● What you have to do
Pictures should be left out while the data beneath this task is written out word for word.

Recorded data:
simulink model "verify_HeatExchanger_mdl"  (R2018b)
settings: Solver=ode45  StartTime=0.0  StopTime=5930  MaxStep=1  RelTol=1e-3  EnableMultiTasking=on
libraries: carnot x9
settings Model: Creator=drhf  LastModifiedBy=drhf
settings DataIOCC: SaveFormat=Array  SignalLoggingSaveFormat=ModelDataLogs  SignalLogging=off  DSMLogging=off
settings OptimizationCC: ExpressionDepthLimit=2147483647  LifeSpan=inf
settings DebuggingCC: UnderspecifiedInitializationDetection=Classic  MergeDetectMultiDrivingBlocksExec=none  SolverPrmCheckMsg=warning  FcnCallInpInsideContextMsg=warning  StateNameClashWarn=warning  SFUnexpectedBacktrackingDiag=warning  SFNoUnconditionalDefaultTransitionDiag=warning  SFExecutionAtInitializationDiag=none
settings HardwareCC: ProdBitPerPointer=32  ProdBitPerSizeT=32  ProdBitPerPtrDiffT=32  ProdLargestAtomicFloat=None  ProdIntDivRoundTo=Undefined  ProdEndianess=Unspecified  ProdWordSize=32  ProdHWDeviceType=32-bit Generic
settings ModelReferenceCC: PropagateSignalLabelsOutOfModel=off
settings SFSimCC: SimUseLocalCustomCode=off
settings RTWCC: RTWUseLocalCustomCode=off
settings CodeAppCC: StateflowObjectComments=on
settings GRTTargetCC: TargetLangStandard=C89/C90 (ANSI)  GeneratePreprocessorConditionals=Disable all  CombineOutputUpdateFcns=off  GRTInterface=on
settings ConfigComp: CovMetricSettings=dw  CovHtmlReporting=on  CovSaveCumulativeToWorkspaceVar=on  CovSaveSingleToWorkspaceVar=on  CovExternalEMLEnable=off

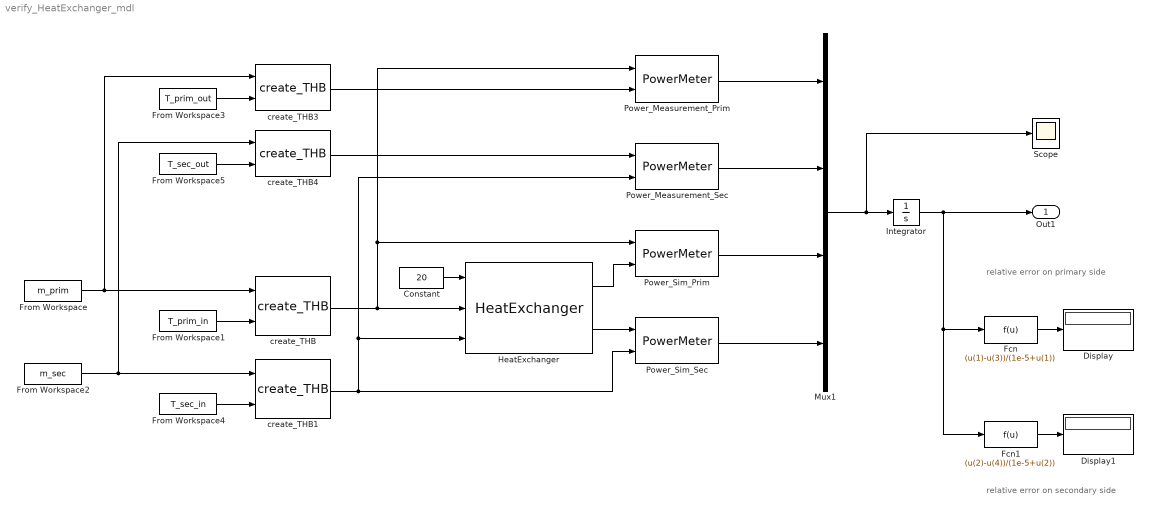
== system verify_HeatExchanger_mdl ==
  note: relative error on primary side
  note: relative error on secondary side
  Constant : Constant  Value=20
  Display : Display
  Display1 : Display
  Fcn : Fcn  Expr=(u(1)-u(3))/(1e-5+u(1))
  Fcn1 : Fcn  Expr=(u(2)-u(4))/(1e-5+u(2))
  From Workspace : FromWorkspace  VariableName=m_prim  SampleTime=0
  From Workspace1 : FromWorkspace  VariableName=T_prim_in  SampleTime=0
  From Workspace2 : FromWorkspace  VariableName=m_sec  SampleTime=0
  From Workspace3 : FromWorkspace  VariableName=T_prim_out  SampleTime=0
  From Workspace4 : FromWorkspace  VariableName=T_sec_in  SampleTime=0
  From Workspace5 : FromWorkspace  VariableName=T_sec_out  SampleTime=0
  HeatExchanger : carnot/Source/Heat_Exchanger/HeatExchanger  flowtype=1  ua0=2135  uahot=[0.07 0.41]  uacold=[0.1 0.7]  ualoss=1  cap=8000  linh=20  quah=10  linc=20  quac=10  t0=20
      settings: SourceProductName=Carnot
  Integrator : Integrator
  Mux1 : Mux
  Power_Measurement_Prim : carnot/Control/PowerMeter
      settings: SourceProductName=Carnot
  Power_Measurement_Sec : carnot/Control/PowerMeter
      settings: SourceProductName=Carnot
  Power_Sim_Prim : carnot/Control/PowerMeter
      settings: SourceProductName=Carnot
  Power_Sim_Sec : carnot/Control/PowerMeter
      settings: SourceProductName=Carnot
  Scope : Scope
  create_THB{,1,3..4} (4 alike) : carnot/Source/Simple/create_THB  p=1e5  fluid=Water  mix=0  mix2=0  mix3=0  dia=0  hgt=0  mID=No Pressure Drop
      settings: SourceProductName=Carnot
  Out1 : Outport
  wires:
  create_THB/1 -> HeatExchanger/2, Power_Sim_Prim/1, Power_Measurement_Prim/1
  create_THB1/1 -> Power_Measurement_Sec/2, HeatExchanger/3, Power_Sim_Sec/2
  Constant/1 -> HeatExchanger/1
  From Workspace/1 -> create_THB3/1, create_THB/1
  From Workspace2/1 -> create_THB4/1, create_THB1/1
  From Workspace1/1 -> create_THB/2
  From Workspace3/1 -> create_THB3/2
  create_THB3/1 -> Power_Measurement_Prim/2
  Power_Measurement_Prim/1 -> Mux1/1
  Power_Sim_Prim/1 -> Mux1/3
  Power_Measurement_Sec/1 -> Mux1/2
  HeatExchanger/1 -> Power_Sim_Prim/2
  HeatExchanger/2 -> Power_Sim_Sec/1
  From Workspace4/1 -> create_THB1/2
  From Workspace5/1 -> create_THB4/2
  create_THB4/1 -> Power_Measurement_Sec/1
  Power_Sim_Sec/1 -> Mux1/4
  Mux1/1 -> Integrator/1, Scope/1
  Integrator/1 -> Out1/1, Fcn/1, Fcn1/1
  Fcn/1 -> Display/1
  Fcn1/1 -> Display1/1

● Answer area
simulink model "verify_HeatExchanger_mdl"  (R2018b)
settings: Solver=ode45  StartTime=0.0  StopTime=5930  MaxStep=1  RelTol=1e-3  EnableMultiTasking=on
libraries: carnot x9
settings Model: Creator=drhf  LastModifiedBy=drhf
settings DataIOCC: SaveFormat=Array  SignalLoggingSaveFormat=ModelDataLogs  SignalLogging=off  DSMLogging=off
settings OptimizationCC: ExpressionDepthLimit=2147483647  LifeSpan=inf
settings DebuggingCC: UnderspecifiedInitializationDetection=Classic  MergeDetectMultiDrivingBlocksExec=none  SolverPrmCheckMsg=warning  FcnCallInpInsideContextMsg=warning  StateNameClashWarn=warning  SFUnexpectedBacktrackingDiag=warning  SFNoUnconditionalDefaultTransitionDiag=warning  SFExecutionAtInitializationDiag=none
settings HardwareCC: ProdBitPerPointer=32  ProdBitPerSizeT=32  ProdBitPerPtrDiffT=32  ProdLargestAtomicFloat=None  ProdIntDivRoundTo=Undefined  ProdEndianess=Unspecified  ProdWordSize=32  ProdHWDeviceType=32-bit Generic
settings ModelReferenceCC: PropagateSignalLabelsOutOfModel=off
settings SFSimCC: SimUseLocalCustomCode=off
settings RTWCC: RTWUseLocalCustomCode=off
settings CodeAppCC: StateflowObjectComments=on
settings GRTTargetCC: TargetLangStandard=C89/C90 (ANSI)  GeneratePreprocessorConditionals=Disable all  CombineOutputUpdateFcns=off  GRTInterface=on
settings ConfigComp: CovMetricSettings=dw  CovHtmlReporting=on  CovSaveCumulativeToWorkspaceVar=on  CovSaveSingleToWorkspaceVar=on  CovExternalEMLEnable=off

== system verify_HeatExchanger_mdl ==
  note: relative error on primary side
  note: relative error on secondary side
  Constant : Constant  Value=20
  Display : Display
  Display1 : Display
  Fcn : Fcn  Expr=(u(1)-u(3))/(1e-5+u(1))
  Fcn1 : Fcn  Expr=(u(2)-u(4))/(1e-5+u(2))
  From Workspace : FromWorkspace  VariableName=m_prim  SampleTime=0
  From Workspace1 : FromWorkspace  VariableName=T_prim_in  SampleTime=0
  From Workspace2 : FromWorkspace  VariableName=m_sec  SampleTime=0
  From Workspace3 : FromWorkspace  VariableName=T_prim_out  SampleTime=0
  From Workspace4 : FromWorkspace  VariableName=T_sec_in  SampleTime=0
  From Workspace5 : FromWorkspace  VariableName=T_sec_out  SampleTime=0
  HeatExchanger : carnot/Source/Heat_Exchanger/HeatExchanger  flowtype=1  ua0=2135  uahot=[0.07 0.41]  uacold=[0.1 0.7]  ualoss=1  cap=8000  linh=20  quah=10  linc=20  quac=10  t0=20
      settings: SourceProductName=Carnot
  Integrator : Integrator
  Mux1 : Mux
  Power_Measurement_Prim : carnot/Control/PowerMeter
      settings: SourceProductName=Carnot
  Power_Measurement_Sec : carnot/Control/PowerMeter
      settings: SourceProductName=Carnot
  Power_Sim_Prim : carnot/Control/PowerMeter
      settings: SourceProductName=Carnot
  Power_Sim_Sec : carnot/Control/PowerMeter
      settings: SourceProductName=Carnot
  Scope : Scope
  create_THB{,1,3..4} (4 alike) : carnot/Source/Simple/create_THB  p=1e5  fluid=Water  mix=0  mix2=0  mix3=0  dia=0  hgt=0  mID=No Pressure Drop
      settings: SourceProductName=Carnot
  Out1 : Outport
  wires:
  create_THB/1 -> HeatExchanger/2, Power_Sim_Prim/1, Power_Measurement_Prim/1
  create_THB1/1 -> Power_Measurement_Sec/2, HeatExchanger/3, Power_Sim_Sec/2
  Constant/1 -> HeatExchanger/1
  From Workspace/1 -> create_THB3/1, create_THB/1
  From Workspace2/1 -> create_THB4/1, create_THB1/1
  From Workspace1/1 -> create_THB/2
  From Workspace3/1 -> create_THB3/2
  create_THB3/1 -> Power_Measurement_Prim/2
  Power_Measurement_Prim/1 -> Mux1/1
  Power_Sim_Prim/1 -> Mux1/3
  Power_Measurement_Sec/1 -> Mux1/2
  HeatExchanger/1 -> Power_Sim_Prim/2
  HeatExchanger/2 -> Power_Sim_Sec/1
  From Workspace4/1 -> create_THB1/2
  From Workspace5/1 -> create_THB4/2
  create_THB4/1 -> Power_Measurement_Sec/1
  Power_Sim_Sec/1 -> Mux1/4
  Mux1/1 -> Integrator/1, Scope/1
  Integrator/1 -> Out1/1, Fcn/1, Fcn1/1
  Fcn/1 -> Display/1
  Fcn1/1 -> Display1/1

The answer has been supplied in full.